Exercise

One final tree using more options

In this exercise, you will use some final arguments that were discussed in the video. Some specifications in the rpart.control()-function will be changed, and some weights will be included using the weights argument in rpart(). The vector case_weights has been constructed for you and is loaded in your workspace. This vector contains weights of 1 for the non-defaults in the training set, and weights of 3 for defaults in the training sets.

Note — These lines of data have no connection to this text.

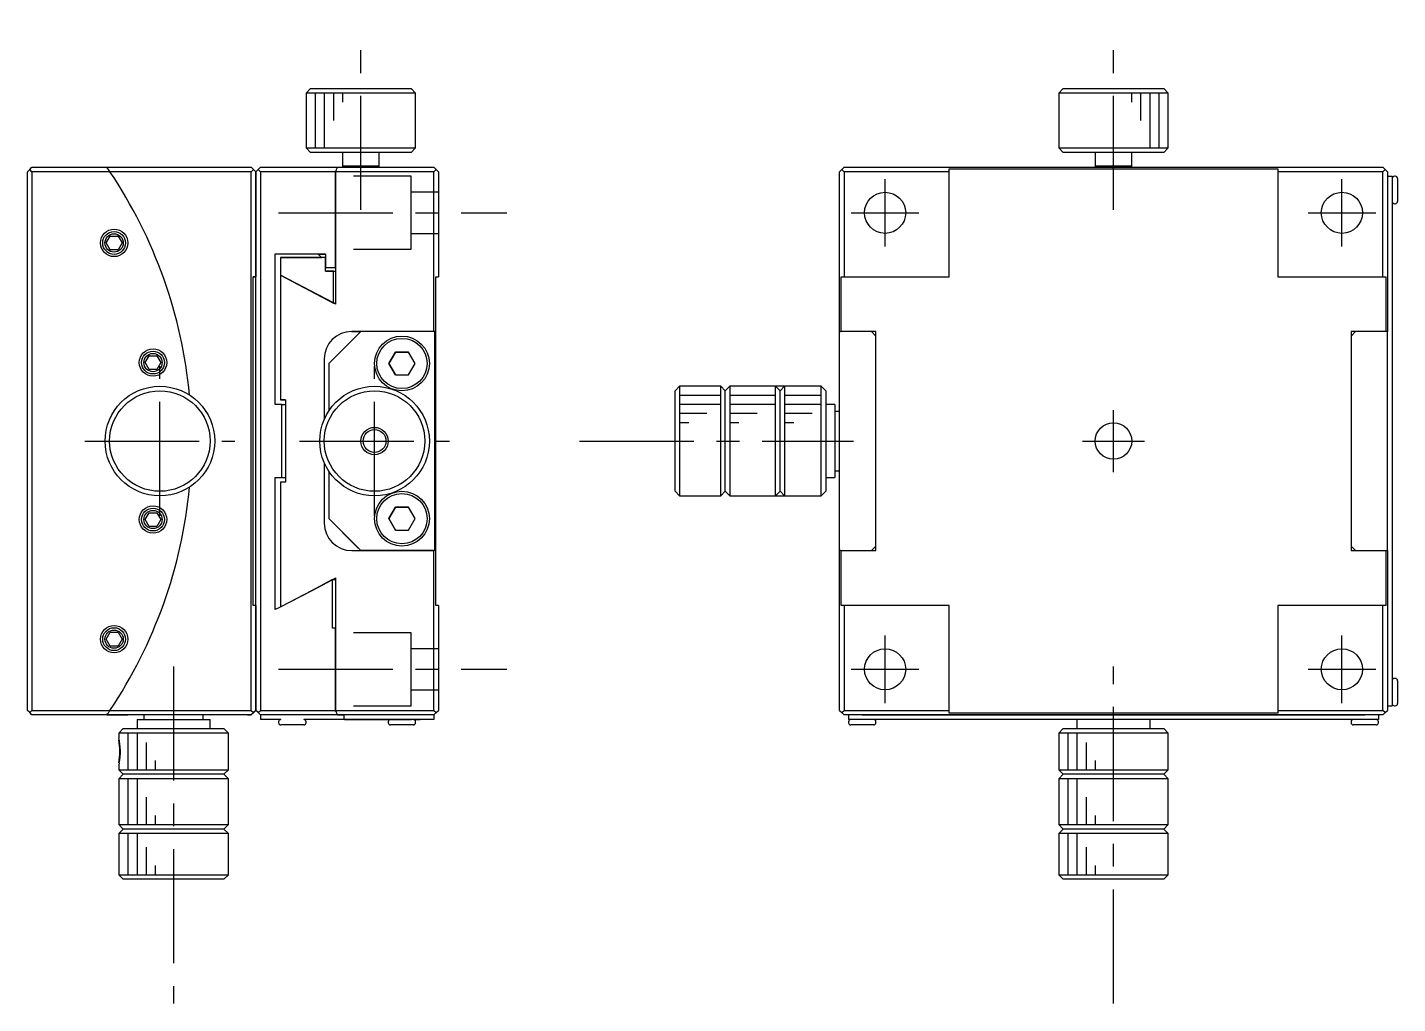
# Model space of a CAD drawing. Extents: x 71 to 397, y -9 to 236.
# Drawn here: x 246.8 to 396.8, y 68.9 to 175.9 of the extents above; entities that cross this region are included whole.
import ezdxf

# ---------------------------------------------------------------- set-up
doc = ezdxf.new("R2010")
doc.units = 0
doc.header["$LTSCALE"] = 10
doc.linetypes.add('CENTER', pattern=[2, 1.25, -0.25, 0.25, -0.25])
doc.linetypes.add('DASHED', pattern=[3.5, 2, -1.5])
doc.layers.get('0').update_dxf_attribs({"linetype": 'CONTINUOUS'})
doc.layers.add('CENTER', color=1, linetype='CENTER')

msp = doc.modelspace()

# ---------------------------------------------------------------- linework, layer by layer
at = {"color": 7, "linetype": 'CONTINUOUS'}
for p, q in [((277.833135, 169.159496), (277.333135, 168.659496)), ((289.333135, 168.659496), (277.333135, 168.659496)), ((277.333135, 168.659496), (277.333135, 162.659496)), ((277.833135, 169.159496), (288.833135, 169.159496)), ((289.333135, 168.659496), (288.833135, 169.159496)), ((289.333135, 162.659496), (289.333135, 168.659496)), ((360.224939, 169.159496), (359.724939, 168.659496)), ((365.724939, 168.659496), (359.724939, 168.659496)), ((359.724939, 168.659496), (359.724939, 162.659496)), ((360.224939, 169.159496), (365.724939, 169.159496)), ((365.724939, 169.159496), (371.224939, 169.159496)), ((371.724939, 168.659496), (365.724939, 168.659496)), ((371.724939, 168.659496), (371.224939, 169.159496)), ((371.724939, 162.659496), (371.724939, 168.659496)), ((277.333135, 162.659496), (289.333135, 162.659496)), ((277.333135, 162.659496), (277.833135, 162.159496)), ((288.833135, 162.159496), (277.833135, 162.159496)), ((281.333135, 162.159496), (281.333135, 160.659496)), ((285.333135, 160.659496), (285.333135, 162.159496)), ((288.833135, 162.159496), (289.333135, 162.659496)), ((359.724939, 162.659496), (371.724939, 162.659496)), ((359.724939, 162.659496), (360.224939, 162.159496)), ((371.224939, 162.159496), (360.224939, 162.159496)), ((363.724939, 162.159496), (363.724939, 160.659496)), ((367.724939, 160.659496), (367.724939, 162.159496)), ((371.224939, 162.159496), (371.724939, 162.659496)), ((247.083135, 160.29407), (247.333135, 160.54407)), ((247.333135, 160.54407), (255.52524, 160.54407)), ((255.52524, 160.54407), (271.333135, 160.54407)), ((271.333135, 160.54407), (271.583135, 160.29407)), ((272.083135, 160.29407), (272.333135, 160.54407)), ((272.333135, 160.54407), (280.78783, 160.54407)), ((280.78783, 160.54407), (291.333135, 160.54407)), ((285.33314, 160.659496), (281.33313, 160.659496)), ((281.333135, 160.664496), (281.333135, 160.659496)), ((281.333135, 160.659496), (281.333135, 160.544089)), ((281.333135, 160.659496), (281.333135, 160.654496)), ((285.333135, 160.659496), (285.333135, 160.664496)), ((285.333135, 160.544089), (285.333135, 160.659496)), ((285.333135, 160.654496), (285.333135, 160.659496)), ((291.333135, 160.54407), (291.583135, 160.29407)), ((336.224939, 160.54407), (335.974939, 160.29407)), ((336.224939, 160.54407), (367.724939, 160.54407)), ((367.724944, 160.659496), (363.724934, 160.659496)), ((363.724939, 160.664496), (363.724939, 160.659496)), ((363.724939, 160.659496), (363.724939, 160.654496)), ((363.724939, 160.659496), (363.724939, 160.544089)), ((367.724939, 160.659496), (367.724939, 160.664496)), ((367.724939, 160.654496), (367.724939, 160.659496)), ((367.724939, 160.544089), (367.724939, 160.659496)), ((367.724939, 160.54407), (395.224939, 160.54407)), ((395.474939, 160.29407), (395.224939, 160.54407)), ((246.833135, 160.04407), (247.083135, 160.29407)), ((246.833135, 101.04407), (246.833135, 160.04407)), ((247.333135, 160.04407), (247.083135, 160.29407)), ((247.333135, 160.04407), (247.333135, 101.04407)), ((255.864374, 160.04407), (247.333135, 160.04407)), ((271.333135, 160.04407), (255.864374, 160.04407)), ((271.583135, 160.29407), (271.333135, 160.04407)), ((271.333135, 101.04407), (271.333135, 160.04407)), ((271.833135, 160.04407), (271.583135, 160.29407)), ((272.083135, 160.29407), (271.833135, 160.04407)), ((271.833135, 160.04407), (271.833135, 148.54407)), ((271.833135, 148.54407), (271.833135, 160.04407)), ((272.333135, 160.04407), (272.083135, 160.29407)), ((280.571771, 160.04407), (272.333135, 160.04407)), ((272.333135, 160.04407), (272.333135, 101.04407)), ((280.571771, 160.04407), (280.571771, 149.54407)), ((291.333135, 160.04407), (280.571771, 160.04407)), ((280.571771, 149.54407), (280.571771, 160.04407)), ((291.583135, 160.29407), (291.333135, 160.04407)), ((291.333135, 142.54407), (291.333135, 160.04407)), ((291.833135, 160.04407), (291.583135, 160.29407)), ((291.833135, 160.04407), (291.833135, 148.54407)), ((335.974939, 160.29407), (335.724939, 160.04407)), ((335.724939, 142.54407), (335.724939, 160.04407)), ((336.224939, 160.04407), (335.974939, 160.29407)), ((347.724939, 160.04407), (336.224939, 160.04407)), ((336.224939, 160.04407), (336.224939, 148.54407)), ((347.724939, 160.34407), (383.724939, 160.34407)), ((347.724939, 160.04407), (347.724939, 160.34407)), ((347.724939, 148.54407), (347.724939, 160.04407)), ((383.724939, 160.34407), (383.724939, 160.04407)), ((395.224939, 160.04407), (383.724939, 160.04407)), ((383.724939, 160.04407), (383.724939, 148.54407)), ((395.224939, 160.04407), (395.474939, 160.29407)), ((395.224939, 148.54407), (395.224939, 160.04407)), ((395.724939, 160.04407), (395.474939, 160.29407)), ((395.724939, 160.04407), (395.724939, 142.54407)), ((395.724939, 159.54407), (396.224939, 159.54407)), ((395.724939, 159.54407), (396.224939, 159.54407)), ((396.224939, 159.54407), (396.224939, 158.04407)), ((396.574939, 159.54407), (396.474939, 159.54407)), ((396.824939, 159.29407), (396.824939, 156.79407)), ((396.224939, 158.04407), (396.224939, 103.04407)), ((396.474939, 156.54407), (396.574939, 156.54407)), ((255.45711, 152.24407), (255.890122, 152.99407)), ((255.890122, 152.99407), (256.756148, 152.99407)), ((256.756148, 152.99407), (257.189161, 152.24407)), ((255.890122, 151.49407), (255.45711, 152.24407)), ((256.756148, 151.49407), (255.890122, 151.49407)), ((257.189161, 152.24407), (256.756148, 151.49407)), ((273.970081, 151.04407), (279.479273, 151.04407)), ((273.970081, 134.54407), (273.970081, 151.04407)), ((279.479273, 150.659496), (274.524841, 150.659496)), ((274.524841, 150.659496), (274.524841, 148.719496)), ((274.524841, 150.659496), (279.011909, 150.659496)), ((278.713135, 151.04405), (278.713135, 150.95827)), ((278.713135, 150.95827), (278.963135, 150.70827)), ((279.479273, 150.95827), (278.713135, 150.95827)), ((278.963135, 150.70827), (279.011909, 150.659496)), ((279.011909, 150.659496), (278.963135, 150.659496)), ((279.479273, 150.659496), (278.963135, 150.659496)), ((279.479273, 151.04407), (279.479273, 150.659496)), ((279.479273, 149.54407), (279.479273, 150.659496)), ((279.479273, 150.659496), (279.479273, 149.54407)), ((271.533135, 148.54407), (271.833135, 148.54407)), ((271.533135, 112.54407), (271.533135, 148.54407)), ((271.833135, 148.54407), (271.533135, 148.54407)), ((271.833135, 112.54407), (271.833135, 148.54407)), ((274.524841, 148.719496), (280.353497, 145.65954)), ((274.524841, 148.719496), (274.524841, 135.04407)), ((280.398185, 145.635904), (274.524841, 148.719496)), ((279.479273, 149.159496), (279.479273, 149.54407)), ((279.479273, 149.54407), (280.571771, 149.54407)), ((280.353497, 149.159496), (279.479273, 149.159496)), ((279.479273, 149.159496), (280.571771, 149.159496)), ((280.353497, 145.65954), (280.353497, 149.159496)), ((280.353497, 149.159496), (280.571771, 149.159496)), ((280.571771, 149.54407), (280.571771, 145.54407)), ((291.533135, 148.54407), (291.833135, 148.54407)), ((291.533135, 142.54407), (291.533135, 148.54407)), ((291.533135, 148.54407), (291.833135, 148.54407)), ((335.924939, 142.54407), (335.924939, 148.54407)), ((335.924939, 148.54407), (336.224939, 148.54407)), ((336.224939, 148.54407), (347.724939, 148.54407)), ((383.724939, 148.54407), (395.224939, 148.54407)), ((395.224939, 148.54407), (395.524939, 148.54407)), ((395.524939, 148.54407), (395.524939, 142.54407)), ((280.353497, 145.65954), (280.571771, 145.65954)), ((280.571771, 145.54407), (280.398185, 145.635904)), ((283.333135, 142.54407), (279.833135, 139.04407)), ((283.333135, 142.54407), (282.333135, 142.54407)), ((282.333135, 142.54407), (283.333135, 142.54407)), ((291.333135, 142.54407), (283.333135, 142.54407)), ((291.333135, 142.54407), (283.333135, 142.54407)), ((291.433135, 142.54407), (291.333135, 142.54407)), ((291.433135, 118.54407), (291.433135, 142.54407)), ((291.433135, 142.54407), (291.533135, 142.54407)), ((291.533135, 142.54407), (291.433135, 142.54407)), ((291.533135, 118.54407), (291.533135, 142.54407)), ((335.724939, 132.54407), (335.724939, 142.54407)), ((335.724939, 142.54407), (335.824939, 142.54407)), ((335.924939, 142.54407), (335.824939, 142.54407)), ((339.724939, 142.54407), (335.924939, 142.54407)), ((339.724939, 142.04407), (339.224939, 142.54407)), ((339.724939, 118.54407), (339.724939, 142.54407)), ((391.724939, 142.04407), (392.224939, 142.54407)), ((395.524939, 142.54407), (391.724939, 142.54407)), ((391.724939, 142.54407), (391.724939, 118.54407)), ((395.724939, 142.54407), (395.524939, 142.54407)), ((395.724939, 118.54407), (395.724939, 142.54407)), ((259.71711, 139.13907), (260.150122, 139.88907)), ((260.150122, 139.88907), (261.016148, 139.88907)), ((261.016148, 139.88907), (261.449161, 139.13907)), ((279.333135, 139.54407), (279.333135, 132.941985)), ((287.111447, 140.29407), (286.38976, 139.04407)), ((286.38976, 139.04407), (287.111447, 140.29407)), ((288.554823, 140.29407), (287.111447, 140.29407)), ((287.111447, 140.29407), (288.554823, 140.29407)), ((289.276511, 139.04407), (288.554823, 140.29407)), ((260.150122, 138.38907), (259.71711, 139.13907)), ((261.016148, 138.38907), (260.150122, 138.38907)), ((261.449161, 139.13907), (261.016148, 138.38907)), ((279.833135, 139.04407), (279.833135, 133.860694)), ((286.38976, 139.04407), (287.111447, 137.79407)), ((287.111447, 137.79407), (286.38976, 139.04407)), ((288.554823, 137.79407), (289.276511, 139.04407)), ((287.111447, 137.79407), (288.554823, 137.79407)), ((318.224939, 136.54407), (317.724939, 136.04407)), ((318.224939, 136.54407), (318.224939, 130.54407)), ((322.724939, 136.54407), (318.224939, 136.54407)), ((322.724939, 130.54407), (322.724939, 136.54407)), ((323.224939, 136.04407), (322.724939, 136.54407)), ((323.724939, 136.54407), (323.224939, 136.04407)), ((323.724939, 136.54407), (323.724939, 124.54407)), ((328.724939, 136.54407), (323.724939, 136.54407)), ((328.724939, 136.54407), (327.609513, 136.54407)), ((328.724939, 130.54407), (328.724939, 136.54407)), ((329.724939, 136.54407), (328.724939, 136.54407)), ((329.224939, 136.04407), (328.724939, 136.54407)), ((329.724939, 136.54407), (329.224939, 136.04407)), ((329.724939, 136.54407), (329.724939, 124.54407)), ((333.609513, 136.54407), (329.724939, 136.54407)), ((333.724939, 136.54407), (329.724939, 136.54407)), ((333.724939, 124.54407), (333.724939, 136.54407)), ((334.224939, 136.04407), (333.724939, 136.54407)), ((274.524841, 135.04407), (275.078688, 135.04407)), ((275.078688, 135.04407), (274.524841, 135.04407)), ((275.078688, 135.04407), (275.078688, 126.04407)), ((317.724939, 130.54407), (317.724939, 136.04407)), ((323.224939, 130.54407), (323.224939, 136.04407)), ((329.224939, 130.54407), (329.224939, 136.04407)), ((334.224939, 136.04407), (334.224939, 125.04407)), ((274.69109, 134.54407), (273.970081, 134.54407)), ((274.69109, 126.54407), (274.69109, 134.54407)), ((274.69109, 134.54407), (275.078688, 134.54407)), ((335.224939, 134.54407), (334.224939, 134.54407)), ((335.224939, 134.54407), (335.224939, 126.54407)), ((335.724939, 133.79407), (335.224939, 133.79407)), ((335.724939, 118.54407), (335.724939, 132.54407)), ((317.724939, 125.04407), (317.724939, 130.54407)), ((318.224939, 130.54407), (318.224939, 124.54407)), ((322.724939, 124.54407), (322.724939, 130.54407)), ((323.224939, 125.04407), (323.224939, 130.54407)), ((328.724939, 124.54407), (328.724939, 130.54407)), ((329.224939, 125.04407), (329.224939, 130.54407)), ((279.333135, 128.146154), (279.333135, 121.54407)), ((273.970081, 126.54407), (274.69109, 126.54407)), ((273.970081, 112.079968), (273.970081, 126.54407)), ((274.524841, 126.04407), (274.524841, 112.368643)), ((275.078688, 126.04407), (274.524841, 126.04407)), ((274.69109, 126.54407), (275.078688, 126.54407)), ((279.833135, 127.227445), (279.833135, 122.04407)), ((334.224939, 126.54407), (335.224939, 126.54407)), ((335.224939, 127.29407), (335.724939, 127.29407)), ((317.724939, 125.04407), (318.224939, 124.54407)), ((318.224939, 124.54407), (322.724939, 124.54407)), ((322.724939, 124.54407), (323.224939, 125.04407)), ((323.224939, 125.04407), (323.724939, 124.54407)), ((323.724939, 124.54407), (328.724939, 124.54407)), ((327.609513, 124.54407), (328.724939, 124.54407)), ((328.724939, 124.54407), (329.224939, 125.04407)), ((328.724939, 124.54407), (329.724939, 124.54407)), ((329.224939, 125.04407), (329.724939, 124.54407)), ((329.724939, 124.54407), (333.609513, 124.54407)), ((329.724939, 124.54407), (333.724939, 124.54407)), ((333.724939, 124.54407), (334.224939, 125.04407)), ((287.111447, 123.29407), (286.38976, 122.04407)), ((286.38976, 122.04407), (287.111447, 123.29407)), ((288.554823, 123.29407), (287.111447, 123.29407)), ((287.111447, 123.29407), (288.554823, 123.29407)), ((289.276511, 122.04407), (288.554823, 123.29407)), ((259.71711, 121.94907), (260.150122, 122.69907)), ((260.150122, 121.19907), (259.71711, 121.94907)), ((260.150122, 122.69907), (261.016148, 122.69907)), ((261.016148, 122.69907), (261.449161, 121.94907)), ((261.449161, 121.94907), (261.016148, 121.19907)), ((279.833135, 122.04407), (283.333135, 118.54407)), ((282.833135, 119.04407), (279.833135, 122.04407)), ((286.38976, 122.04407), (287.111447, 120.79407)), ((287.111447, 120.79407), (286.38976, 122.04407)), ((288.554823, 120.79407), (289.276511, 122.04407)), ((261.016148, 121.19907), (260.150122, 121.19907)), ((287.111447, 120.79407), (288.554823, 120.79407)), ((282.333135, 118.54407), (283.333135, 118.54407)), ((282.833135, 119.04407), (283.333135, 118.54407)), ((291.333135, 118.54407), (283.333135, 118.54407)), ((283.333135, 118.54407), (291.333135, 118.54407)), ((291.433135, 118.54407), (291.333135, 118.54407)), ((291.333135, 101.04407), (291.333135, 118.54407)), ((291.433135, 118.54407), (291.533135, 118.54407)), ((291.533135, 112.54407), (291.533135, 118.54407)), ((335.824939, 118.54407), (335.724939, 118.54407)), ((335.724939, 101.04407), (335.724939, 118.54407)), ((335.824939, 118.54407), (335.924939, 118.54407)), ((335.924939, 112.54407), (335.924939, 118.54407)), ((335.924939, 118.54407), (339.724939, 118.54407)), ((339.224939, 118.54407), (339.724939, 119.04407)), ((392.224939, 118.54407), (391.724939, 119.04407)), ((391.724939, 118.54407), (395.524939, 118.54407)), ((395.524939, 118.54407), (395.524939, 112.54407)), ((395.524939, 118.54407), (395.724939, 118.54407)), ((395.724939, 118.54407), (395.724939, 101.04407)), ((280.32756, 115.414882), (280.571771, 115.54407)), ((280.571771, 115.54407), (280.571771, 110.04407)), ((274.524841, 112.368643), (277.91482, 114.142636)), ((277.91482, 114.142636), (274.56375, 112.388908)), ((277.91482, 114.142636), (280.258285, 115.378249)), ((280.244318, 115.370864), (277.91482, 114.142636)), ((280.244318, 110.04407), (280.244318, 115.370864)), ((280.244318, 115.370864), (280.571771, 115.370864)), ((280.258285, 115.378249), (280.32756, 115.414882)), ((271.833135, 112.54407), (271.533135, 112.54407)), ((271.833135, 112.54407), (271.833135, 101.04407)), ((271.833135, 101.04407), (271.833135, 112.54407)), ((291.833135, 112.54407), (291.533135, 112.54407)), ((291.833135, 112.54407), (291.833135, 101.04407)), ((336.224939, 112.54407), (335.924939, 112.54407)), ((336.224939, 112.54407), (336.224939, 101.04407)), ((347.724939, 112.54407), (336.224939, 112.54407)), ((347.724939, 101.04407), (347.724939, 112.54407)), ((383.724939, 112.54407), (383.724939, 101.04407)), ((395.224939, 112.54407), (383.724939, 112.54407)), ((395.224939, 101.04407), (395.224939, 112.54407)), ((395.524939, 112.54407), (395.224939, 112.54407)), ((274.436149, 112.322459), (273.970081, 112.079968)), ((274.56375, 112.388908), (274.436149, 112.322459)), ((255.45711, 108.84407), (255.890122, 109.59407)), ((255.890122, 109.59407), (256.756148, 109.59407)), ((256.756148, 109.59407), (257.189161, 108.84407)), ((280.571771, 110.04407), (280.244318, 110.04407)), ((280.571771, 110.04407), (280.571771, 101.04407)), ((280.571771, 101.04407), (280.571771, 110.04407)), ((255.890122, 108.09407), (255.45711, 108.84407)), ((256.756148, 108.09407), (255.890122, 108.09407)), ((257.189161, 108.84407), (256.756148, 108.09407)), ((396.574939, 104.54407), (396.474939, 104.54407)), ((396.824939, 104.29407), (396.824939, 101.79407)), ((396.224939, 103.04407), (396.224939, 101.54407)), ((247.083135, 100.79407), (246.833135, 101.04407)), ((247.083135, 100.79407), (247.333135, 101.04407)), ((247.333135, 100.54407), (247.083135, 100.79407)), ((247.333135, 101.04407), (255.864374, 101.04407)), ((255.52524, 100.54407), (247.333135, 100.54407)), ((271.333135, 100.54407), (255.52524, 100.54407)), ((255.52524, 100.54407), (257.833135, 100.54407)), ((255.864374, 101.04407), (271.333135, 101.04407)), ((260.333135, 100.54407), (257.333135, 100.54407)), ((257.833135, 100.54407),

By specifying higher weights for default, the model will assign higher importance to classifying defaults correctly.

Instructions

100 XP
  • Set a seed of 345.
  • Add to the provided code by passing case_weights to the weights argument of `rpart().
  • Change the minimum number of splits that are allowed in a node to 5, and the minimum number of observations allowed in leaf nodes to 2 by using the arguments minsplit and minbucket in rpart.control respectively.
  • Use function plotcp() to investigate where the cross-validated error rate can be minimized.
  • Use which.min() to identify the row with the minimum "xerror" in tree_weights$cp. Assign this to index.
  • Use the provided code to select the cp for which the crossvalidated error is minimized
  • Prune the tree using the complexity parameter where the cross-validated error rate is minimized. Store the pruned tree in ptree_weights.
  • Plot the pruned tree using function prp(). Include a second argument extra and set it equal to 1.